The UA offers a variety of different language and culture programs, from German to Spanish and everything in between, including the special education and rehabilitation major. This major offers a variety of different tracks for students within the major to pursue.
One of these is a concentration in deaf studies. This College of Education program gives students the skills needed to work with people who are deaf and partially deaf in their post-graduation careers and pursuits.
Students come from all walks of life to pursue deaf studies and often find their passion for the subject through taking an American Sign Language course or having a friend or family member who is deaf or partially deaf.
“I picked deaf studies because it’s unique and something that called to me when I was first introduced to the deaf community,” said Breyden Main, a sophomore studying special education and rehabilitation with a concentration in deaf studies. “I took ASL in high school and … at one of my track meets the Arizona State Schools for the Deaf and Blind was there and I decided I wanted to sign with them.”
Main is pursuing a degree with an emphasis in educational interpreting, an emphasis within the deaf studies concentration. Educational interpreting is the most popular topic for students to pursue, according to Cindy Volk, an associate professor of practice in the department of Disability and Psychoeducational Studies.
While all students in the deaf studies program must take four semesters of ASL and become proficient in the language, those with an educational interpreting emphasis continue to work on their abilities to communicate through sign in intensive ASL classes and interpreting courses.

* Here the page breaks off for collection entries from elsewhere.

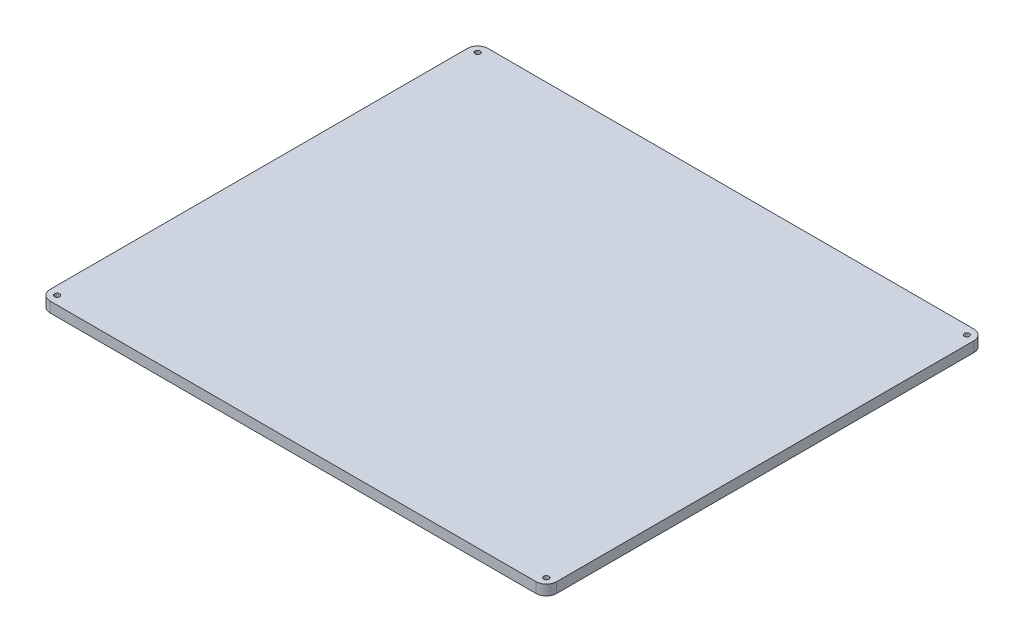
SolidWorks part; units mm, degrees
ref_plane "Alzado" through (0, 0, 0) normal (0, 0, 1) x (1, 0, 0)
ref_plane "Planta" through (0, 0, 0) normal (0, 1, 0) x (1, 0, 0)
ref_plane "Vista lateral" through (0, 0, 0) normal (1, 0, 0) x (0, 0, -1)
sketch "Croquis2" plane through (0, 0, 0) normal (0, 1, 0) x (1, 0, 0)
  line L3 (-121.4956, 121.75) -> (161.5044, 121.75)
  line L5 (167.5044, 115.75) -> (167.5044, -127.25)
  line L6 (-121.4956, -133.25) -> (161.5044, -133.25)
  line L7 (-127.4956, 115.75) -> (-127.4956, -127.25)
  circle A0 centre (162.5044, 116.75) radius 1.5
  arc A1 (167.5044, -127.25) -> (161.5044, -133.25) centre (161.5044, -127.25) cw
  arc A2 (-121.4956, -133.25) -> (-127.4956, -127.25) centre (-121.4956, -127.25) cw
  arc A3 (-127.4956, 115.75) -> (-121.4956, 121.75) centre (-121.4956, 115.75) cw
  arc A4 (167.5044, 115.75) -> (161.5044, 121.75) centre (161.5044, 115.75) ccw
  circle A5 centre (162.5044, -128.25) radius 1.5
  circle A6 centre (-122.4956, -128.25) radius 1.5
  circle A7 centre (-122.4956, 116.75) radius 1.5
  dimension "D1" = 6
  dimension "D2" = 6
  dimension "D3" = 6
  dimension "D4" = 6
  dimension "D5" = 283
  dimension "D7" = 285
  dimension "D8" = 245
extrude "Saliente-Extruir1" add sketch "Croquis2" along normal blind 6

Interpreting emphasis students are required to do a practicum in a classroom with deaf or partially deaf children over the course of three semesters to develop their skills in real-world settings.
Students observe the workings of a typical classroom with a deaf student and interpreter and discuss how the process works and how learning and interpretation changes depending on the student for their first practicum course.
The second semester of practicum pairs up interpreting students and sends them to classrooms without deaf or partially deaf students so they can practice educational interpretation with each other without the pressure of interpreting for a person who is deaf.
In their third semester, students are placed in classrooms alone as interpreters for students who are deaf and provide translations the students need to understand their courses. This experience gives graduates an opportunity to pursue careers in interpreting, whether it be in a classroom, at events or in other situations and fields.
“There’s such a need for interpreters around the U.S.,” Volk said. “Most kids are mainstreamed into public schools—over 90 percent of them are—so all the deaf kids in the public schools need an interpreter.”
Both of Volk’s parents are deaf, so she grew up fluent in both English and ASL, and has always been close with the deaf community.
The UA program is closely connected with the deaf community in and around Tucson as well. Besides the practicum courses, all of the program’s students are matched up with a deaf mentor in the community, which helps them with their ASL proficiency and knowledge of deaf culture.
“Everybody in the deaf community is really helpful,” said Rebecca Reiter, a sophomore studying special education and rehabilitation with a concentration in deaf studies. “It can be really difficult when learning a new language to follow a conversation in that language and use it with those people, but they’re all really helpful and patient.”
Reiter is pursuing an emphasis in educational interpreting and hopes to interpret in classrooms for deaf children after she graduates. Students in the major are not only close with the deaf community, but with each other as well.
“I enjoy being part of a program that is composed of individuals that truly care not only about their work but also about the community as a whole,” Main said.